Wine 6.0 is released
January 14, the developers team of “Wine”, a compatibility layer for running Windows applications on POSIX- compliant operating systems like Linux, rolled out the latest major release “Wine 6.0”.
Wine 6.0 is the latest major release that follows Wine 5.0, released in January 2020. It is released with over 8,300 changes of a year’s effort.
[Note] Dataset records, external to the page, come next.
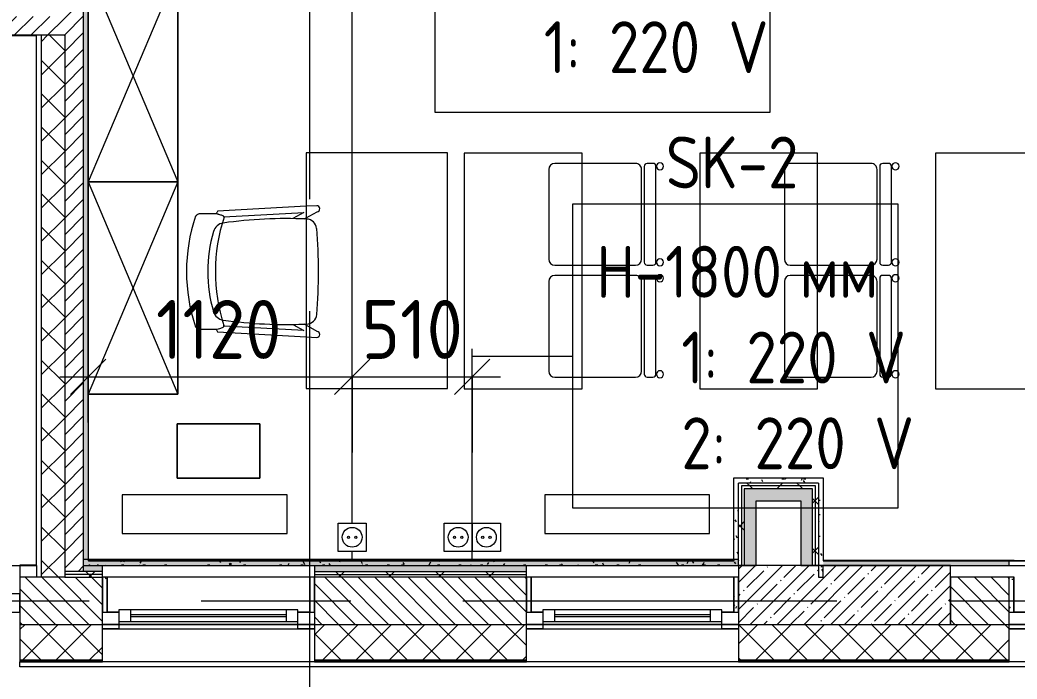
# Model space of a CAD drawing. Header units: millimetres. Extents: x 1322 to 199238, y -8553 to 29000.
# Drawn here: x 33949 to 38182, y -332 to 2465 of the extents above; entities that cross this region are included whole.
import ezdxf

# ---------------------------------------------------------------- set-up
doc = ezdxf.new("R2010")
doc.units = ezdxf.units.MM
doc.linetypes.add('Осевая', pattern=[3175, 635, -476.25, 1587.5, -476.25])
for name, color, linetype, lineweight in [('A-ANNO-DIMS', 7, 'Continuous', 9), ('A-ANNO-DIMS-100', 7, 'Continuous', 9), ('A-DETL-GENF', 7, 'Continuous', 9), ('A-DOOR', 7, 'Continuous', 9), ('A-DOOR-1', 7, 'Continuous', 13), ('A-DOOR-FRAM', 7, 'Continuous', 13), ('A-GLAZ', 7, 'Continuous', 9), ('A-GLAZ-1', 7, 'Continuous', 13), ('A-WALL', 7, 'Continuous', 9), ('E-ELEC-FIXT-IDEN', 7, 'Continuous', 9), ('I-WALL', 7, 'Continuous', 9), ('M-EQPM', 7, 'Continuous', 9), ('S-COLS', 7, 'Continuous', 9), ('Оси', 7, 'Continuous', 9), ('Оси-2', 7, 'Осевая', 9), ('Электрические приборы', 7, 'Continuous', 9)]:
    doc.layers.add(name, color=color, linetype=linetype, lineweight=lineweight)
for name, color, linetype, lineweight, true_color in [('A-WALL-1', 7, 'Continuous', 9, 0x3c3c3c), ('A-WALL-FNSH-1', 7, 'Continuous', 9, 0x3c3c3c), ('I-FURN-1', 7, 'Continuous', 9, 0xf0f0f0), ('M-EQPM-3', 7, 'Continuous', 9, 0xd4d4d4), ('Оси розеток', 7, 'Continuous', 9, 0xff1e23)]:
    doc.layers.add(name, color=color, linetype=linetype, lineweight=lineweight, true_color=true_color)
doc.styles.add('GOST Common_3', font='GOST_Common.ttf', dxfattribs={"width": 0.9, "height": 220})
doc.styles.add('ISOCPEUR', font='isocpeur.ttf', dxfattribs={"width": 0.9, "height": 250})
doc.dimstyles.new('ISO-2_5_0_9К_БОЛЬШОЙ_1', dxfattribs={"dimscale": 304.8, "dimtxt": 248.995294, "dimasz": 0.492126, "dimexe": 0.393701, "dimexo": 0.984252, "dimgap": 0, "dimtad": 1, "dimdec": 0, "dimrnd": 10, "dimzin": 0, "dimdsep": 46, "dimtxsty": 'ISOCPEUR', "dimblk1": 'OBLIQUE', "dimblk2": 'OBLIQUE', "dimsah": 1, "dimcen": 0.09, "dimdle": 0.393701, "dimazin": 0, "dimtfac": 1, "dimtdec": 4, "dimtix": 1, "dimtmove": 0, "dimatfit": 3, "dimfxl": 1, "dimtvp": 1, "dimtolj": 1, "dimtzin": 0, "dimarcsym": 2})
pattern_1 = [(45, (-75531.326, 0), (-35.35534, 35.35534), [])]
pattern_2 = [(45, (-75531.33, 0), (-70.71068, 70.71068), []), (135, (-75531.33, 0), (-70.71068, -70.71068), [])]
pattern_3 = [(0, (-75531.326, 0), (121.92, 30.48), [10.058, -81.382, 10.058, -81.382, -487.68]), (0, (-75531.326, 0), (121.92, 30.48), [-182.88, 10.058, -172.822, 10.058, -81.382, -213.36]), (0, (-75531.326, 0), (121.92, 30.48), [-457.2, 10.058, -50.902, 10.058, -142.342]), (120, (-75485.606, 15.24), (-87.356454, 90.345817), [10.058, -81.382, 10.058, -81.382, -487.68]), (120, (-75485.606, 15.24), (-87.356454, 90.345817), [-182.88, 10.058, -172.822, 10.058, -81.382, -213.36]), (120, (-75485.606, 15.24), (-87.356454, 90.345817), [-457.2, 10.058, -50.902, 10.058, -142.342]), (240, (-75470.366, 76.2), (-34.563546, -120.825817), [10.058, -81.382, 10.058, -81.382, -487.68]), (240, (-75470.366, 76.2), (-34.563546, -120.825817), [-182.88, 10.058, -172.822, 10.058, -81.382, -213.36]), (240, (-75470.366, 76.2), (-34.563546, -120.825817), [-457.2, 10.058, -50.902, 10.058, -142.342])]
pattern_4 = [(45, (-75531.33, 0), (-106.06602, 106.06602), []), (135, (-75531.33, 0), (-106.06602, -106.06602), [])]

# ---------------------------------------------------------------- blocks, each defined once
blk = doc.blocks.new('120_Окно_СКБ_2Ст_Фрамуга сверху - 120_Окно_СКБ_2Ст_2300х2500_h_ ДОО-19727959-План размещения напольных электротехнических лючков и розеток 1 этажа в осях 23_1-33')
at = {"layer": 'A-GLAZ'}
for p, q in [((1150, -57), (-1150, -57)), ((-1080, -57), (1080, -57)), ((-1030, -107), (470, -107)), ((470, -117), (-1030, -117)), ((640, -107), (1030, -107)), ((1030, -117), (640, -117)), ((-1130, -127), (-1080, -127)), ((520, -127), (590, -127)), ((520, -127), (590, -127)), ((1080, -127), (1130, -127))]:
    blk.add_line(p, q, dxfattribs=at)
at = {"layer": 'A-GLAZ-1'}
for p, q in [((-1150, -127), (-1150, -57)), ((-1150, -57), (-1080, -57)), ((-1080, -57), (-1080, -127)), ((520, -127), (520, -57)), ((520, -57), (590, -57)), ((590, -57), (590, -127)), ((1080, -127), (1080, -57)), ((1080, -57), (1150, -57)), ((1150, -57), (1150, -127)), ((520, -87), (-1080, -87)), ((-1080, -87), (-1080, -137)), ((-1030, -137), (-1030, -87)), ((470, -137), (470, -87)), ((520, -137), (520, -87)), ((1080, -87), (590, -87)), ((590, -87), (590, -137)), ((640, -137), (640, -87)), ((1030, -137), (1030, -87)), ((1080, -137), (1080, -87)), ((-1080, -127), (-1150, -127)), ((-1080, -137), (520, -137)), ((590, -127), (520, -127)), ((590, -137), (1080, -137)), ((1150, -127), (1080, -127))]:
    blk.add_line(p, q, dxfattribs=at)
blk = doc.blocks.new('110_Дверь_СКБ_2Ст_Наружная - ДН-5_л__ Двухстворчатая 1350 х3800 _h_ в свету с верхним остеклением-21877029-План размещения напольных электротехнических лючков и розеток 1 этажа в осях 23_1-33')
at = {"layer": 'A-DOOR'}
for centre, radius, start, end in [((659.5, 50), 960, 90, 180), ((-620.5, 50), 320, 0, 90)]:
    blk.add_arc(centre, radius, start, end, dxfattribs=at)
at = {"layer": 'A-DOOR-1'}
for p, q in [((659.5, 1010), (619.5, 1010)), ((619.5, 50), (619.5, 1010)), ((659.5, 1010), (659.5, 50)), ((-620.5, 370), (-580.5, 370)), ((-620.5, 370), (-620.5, 50)), ((-580.5, 50), (-580.5, 370)), ((-620.5, 50), (-580.5, 50)), ((659.5, 50), (619.5, 50))]:
    blk.add_line(p, q, dxfattribs=at)
at = {"layer": 'A-DOOR-FRAM'}
for p, q in [((-705.5, 50), (-705.5, -30)), ((-705.5, 50), (-620.5, 50)), ((-620.5, 50), (-620.5, 10)), ((659.5, 50), (659.5, 10)), ((659.5, 50), (744.5, 50)), ((744.5, 50), (744.5, -30)), ((-610.5, 10), (-620.5, 10)), ((-610.5, 10), (-610.5, -30)), ((649.5, 10), (649.5, -30)), ((659.5, 10), (649.5, 10)), ((-705.5, -30), (-610.5, -30)), ((649.5, -30), (744.5, -30))]:
    blk.add_line(p, q, dxfattribs=at)
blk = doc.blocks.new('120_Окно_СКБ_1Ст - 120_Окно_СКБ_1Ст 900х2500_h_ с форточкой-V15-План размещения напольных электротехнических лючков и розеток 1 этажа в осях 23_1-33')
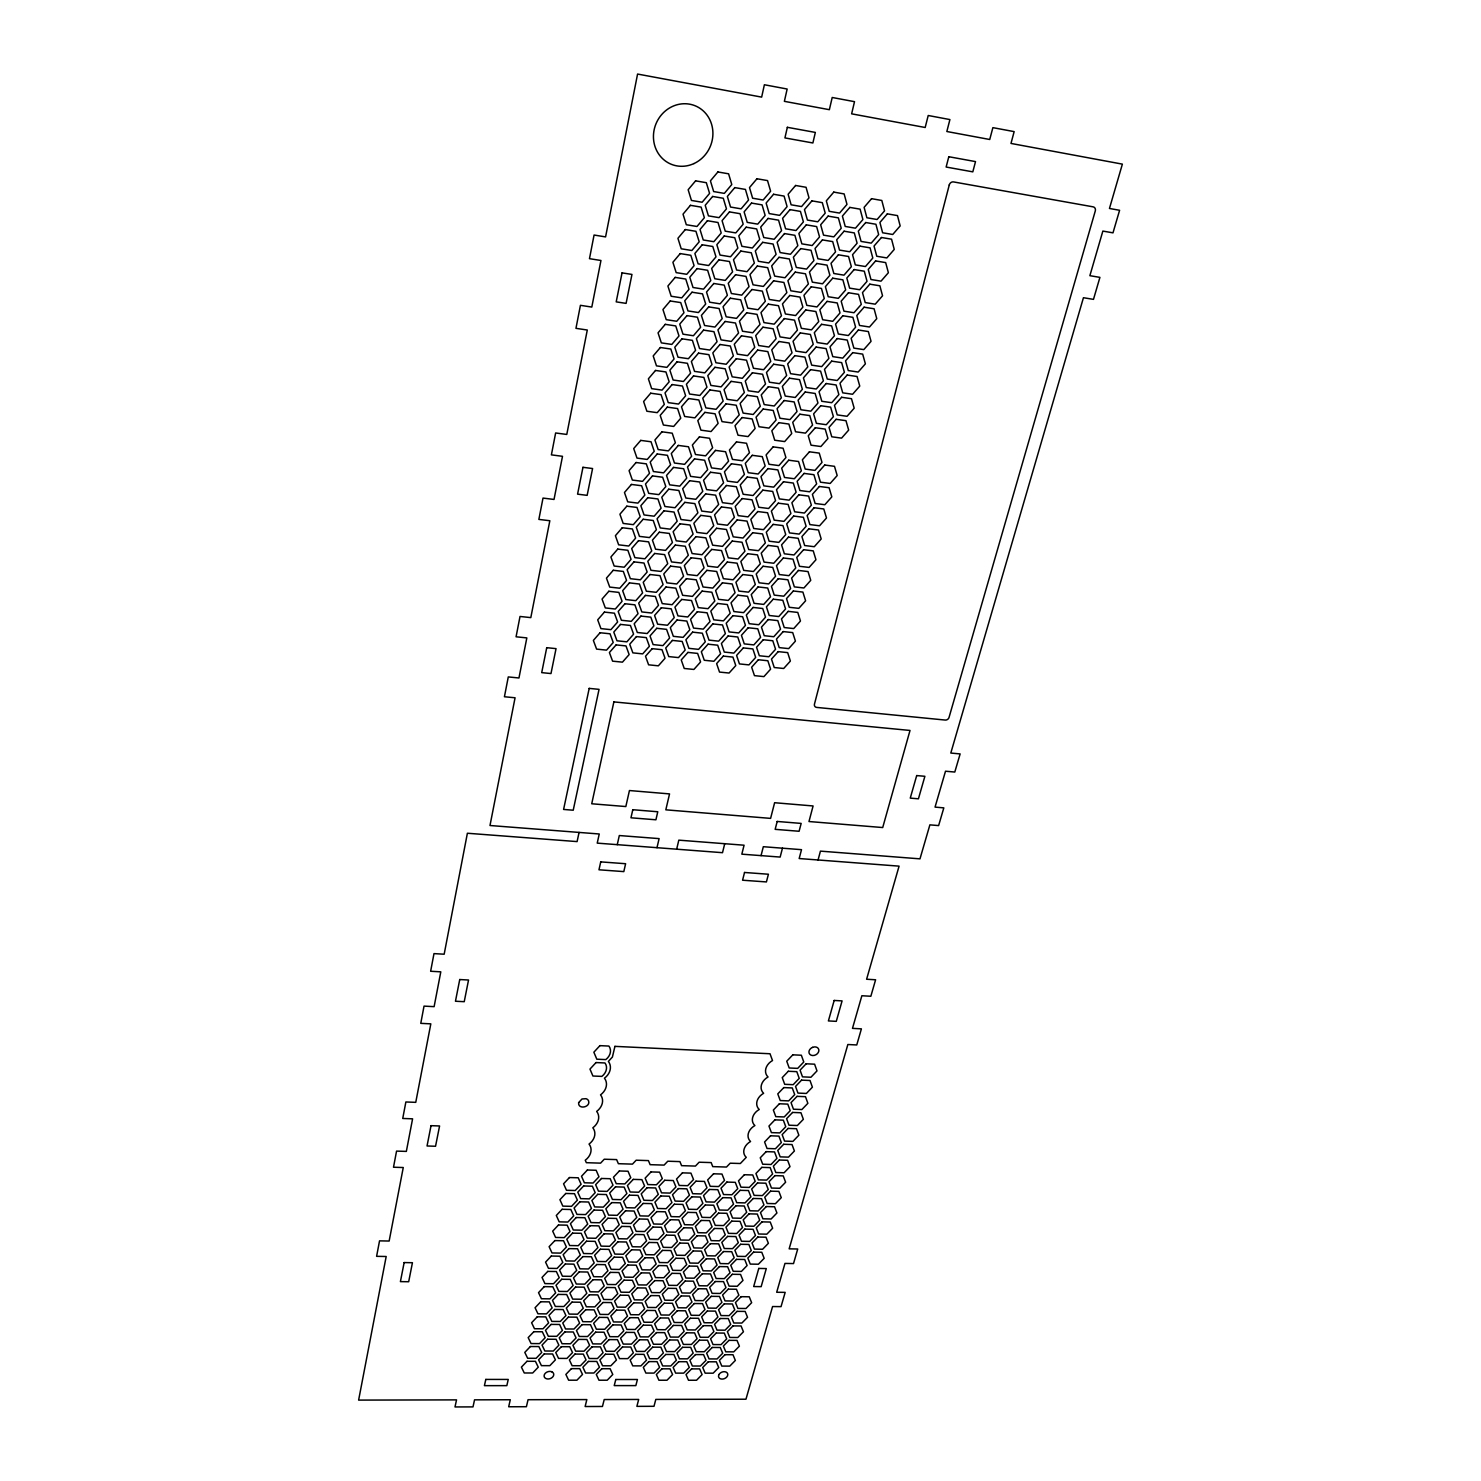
<?xml version="1.0" encoding="UTF-8"?>
<svg xmlns="http://www.w3.org/2000/svg" width="1481" height="1481" viewBox="0 0 1481 1481"><rect width="100%" height="100%" fill="white"/><g stroke="black" fill="none" stroke-linecap="round" stroke-linejoin="round"><path stroke-width="1.5" d="M579.071 832.415L577.09 841.597L467.385 833.248L444.17 954.208L433.989 953.616L430.638 971.258L440.801 971.832L434.118 1006.654L424.029 1006.117L420.771 1023.352L430.823 1023.852L415.754 1102.345L405.868 1101.975L402.739 1118.47L412.588 1118.821L406.349 1151.403L396.556 1151.107L393.502 1167.232L403.258 1167.528L389.151 1241.041L379.543 1240.856L376.6 1256.332L386.189 1256.499L358.624 1400.1L456.537 1399.878L455 1406.95L472.994 1406.894L474.549 1399.841L510.297 1399.749L508.686 1406.765L526.403 1406.709L528.051 1399.712L586.846 1399.582L585.125 1406.524L602.452 1406.469L604.211 1399.545L638.681 1399.452L636.886 1406.358L653.991 1406.302L655.805 1399.415L745.961 1399.212L772.582 1306.538L781.042 1306.631L785.171 1292.376L776.692 1292.265L784.967 1263.423L793.52 1263.571L797.722 1249.001L789.151 1248.835L847.854 1044.512L856.759 1044.957L861.405 1028.851L852.482 1028.369L861.868 995.75L870.847 996.25L875.604 979.774L866.607 979.237L899.078 866.144L799.166 858.536L801.517 849.668L763.326 846.706L761.049 855.629M617.262 844.67L619.317 835.543L659.101 838.616L656.99 847.687M676.669 849.187L678.816 840.153L744.073 845.207L741.833 854.167L780.154 857.073L782.468 848.187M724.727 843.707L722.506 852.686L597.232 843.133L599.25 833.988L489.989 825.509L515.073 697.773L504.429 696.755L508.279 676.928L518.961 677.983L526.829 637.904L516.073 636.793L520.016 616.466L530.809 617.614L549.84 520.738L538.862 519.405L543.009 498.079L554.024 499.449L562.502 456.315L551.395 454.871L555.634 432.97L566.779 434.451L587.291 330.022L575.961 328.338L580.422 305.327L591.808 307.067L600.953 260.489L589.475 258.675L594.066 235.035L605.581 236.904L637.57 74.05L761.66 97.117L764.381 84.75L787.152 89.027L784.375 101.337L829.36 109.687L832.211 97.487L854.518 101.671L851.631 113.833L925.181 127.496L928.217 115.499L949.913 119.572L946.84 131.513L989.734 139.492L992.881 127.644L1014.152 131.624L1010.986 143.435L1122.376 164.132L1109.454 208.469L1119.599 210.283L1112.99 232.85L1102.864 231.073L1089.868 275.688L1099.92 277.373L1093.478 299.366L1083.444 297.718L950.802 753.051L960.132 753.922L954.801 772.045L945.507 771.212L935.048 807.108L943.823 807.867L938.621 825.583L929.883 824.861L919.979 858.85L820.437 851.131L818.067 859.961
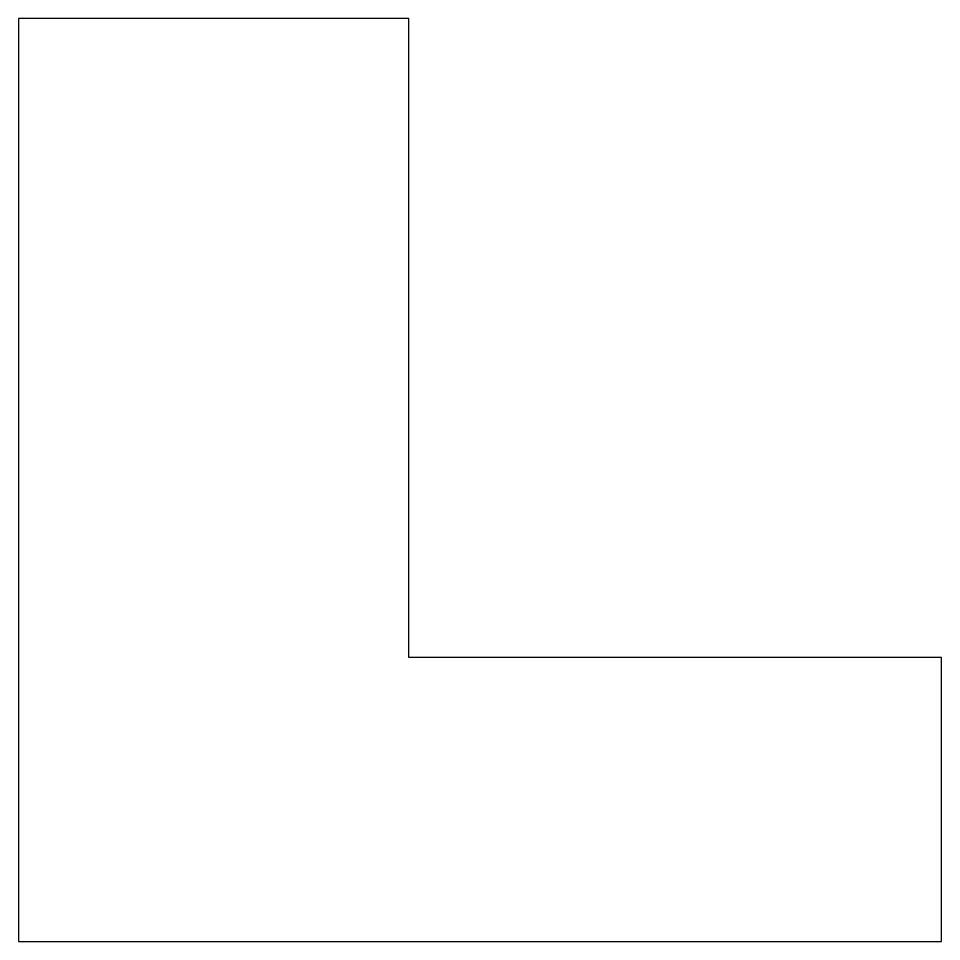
# Model space of a CAD drawing. Header units: millimetres. Extents: x 0 to 260, y 0 to 260.
import ezdxf

# ---------------------------------------------------------------- set-up
doc = ezdxf.new("R2010")
doc.units = ezdxf.units.MM
doc.layers.add('CUT_OUTER', color=7, linetype='Continuous')

msp = doc.modelspace()

# ---------------------------------------------------------------- linework, layer by layer
at = {"layer": 'CUT_OUTER'}
msp.add_lwpolyline([(0, 0), (260, 0), (260, 80), (110, 80), (110, 260), (0, 260)], close=True, dxfattribs=at)

doc.saveas('drawing.dxf')
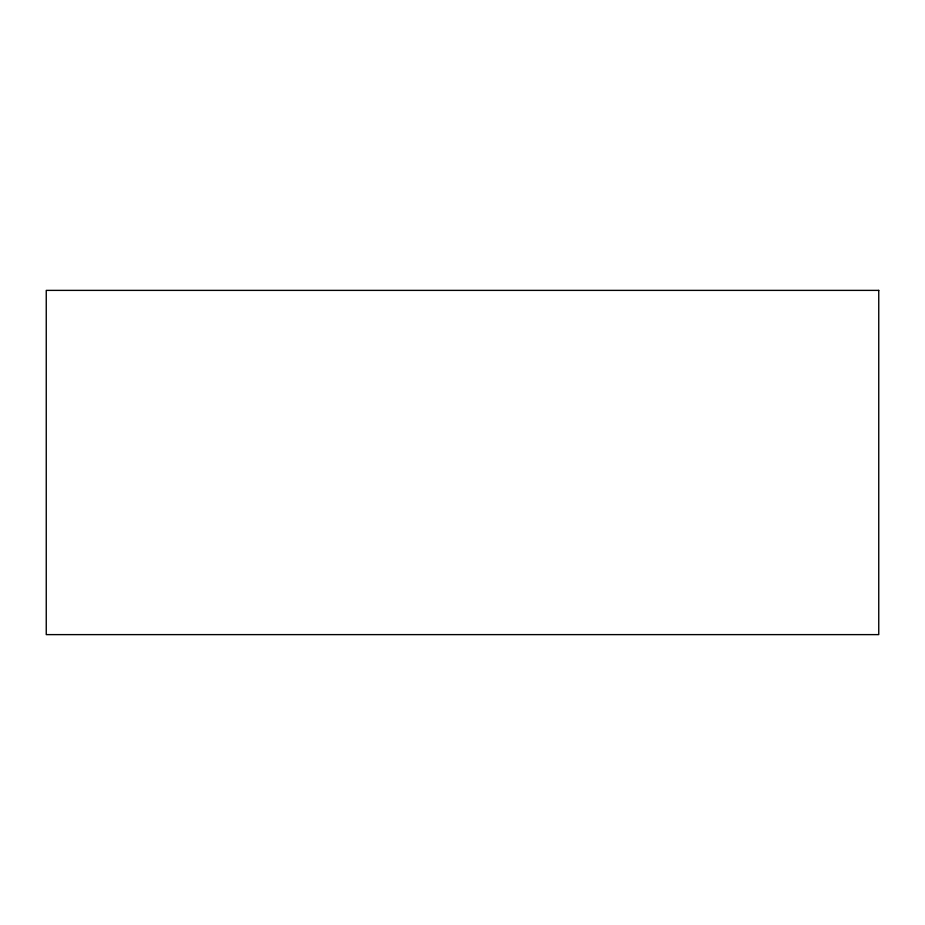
<?xml version="1.0" encoding="UTF-8"?>
<svg xmlns="http://www.w3.org/2000/svg" width="925" height="925" viewBox="0 0 925 925"><rect width="100%" height="100%" fill="white"/><g stroke="black" fill="none" stroke-linecap="round" stroke-linejoin="round"><path stroke-width="1.39" d="M878.75 290.381L46.25 290.381L46.25 634.619L878.75 634.619L878.75 290.381"/></g></svg>

Modules are continued to be provided in PE (Portable Executable) format, and the core DLLs, which include NTDLL, KERNEL32, GDI32, and SER32, are built in PE format. This helps a number of copy protection schemes that check that the DLL files on disk match the in-memory contents. It also introduces a new mechanism that associates a Unix library with a PE module. By using this mechanism, it can call UNIX libraries from PE for the functions that can’t be handled with Win32 APIs. The latest release brings many other enhancements related to PE modules.
As to Direct3D, this release is experimentally implemented with Vulkan renderer for WineD3D. To translate Direct3D shaders to SPIR-V shaders, it requires vkd3d-shader. With 6.0, the shader support of Vulkan renderer is limited to models 4 and 5.
It is implemented with Direct3D 11 features such as dual-source blending. In regards to text and fonts, text console support is reimplemented. Pseudo consoles, which are equivalent to UNIX-like TTY, are implemented, and now all console handling is done in the ConHost process.
The Media Foundation framework is complete, and the AMStream (ActiveMovie Multimedia Streaming) library is more fully implemented. As to video and audio, DirectShow File Writer filter is implemented along with more Media Detector APIs.
Raw input devices and messages are implemented to be used by DirectInput. The LibUSB-library-based USB kernel driver is initially implemented to provide access to USB devices. This release includes many other enhancements.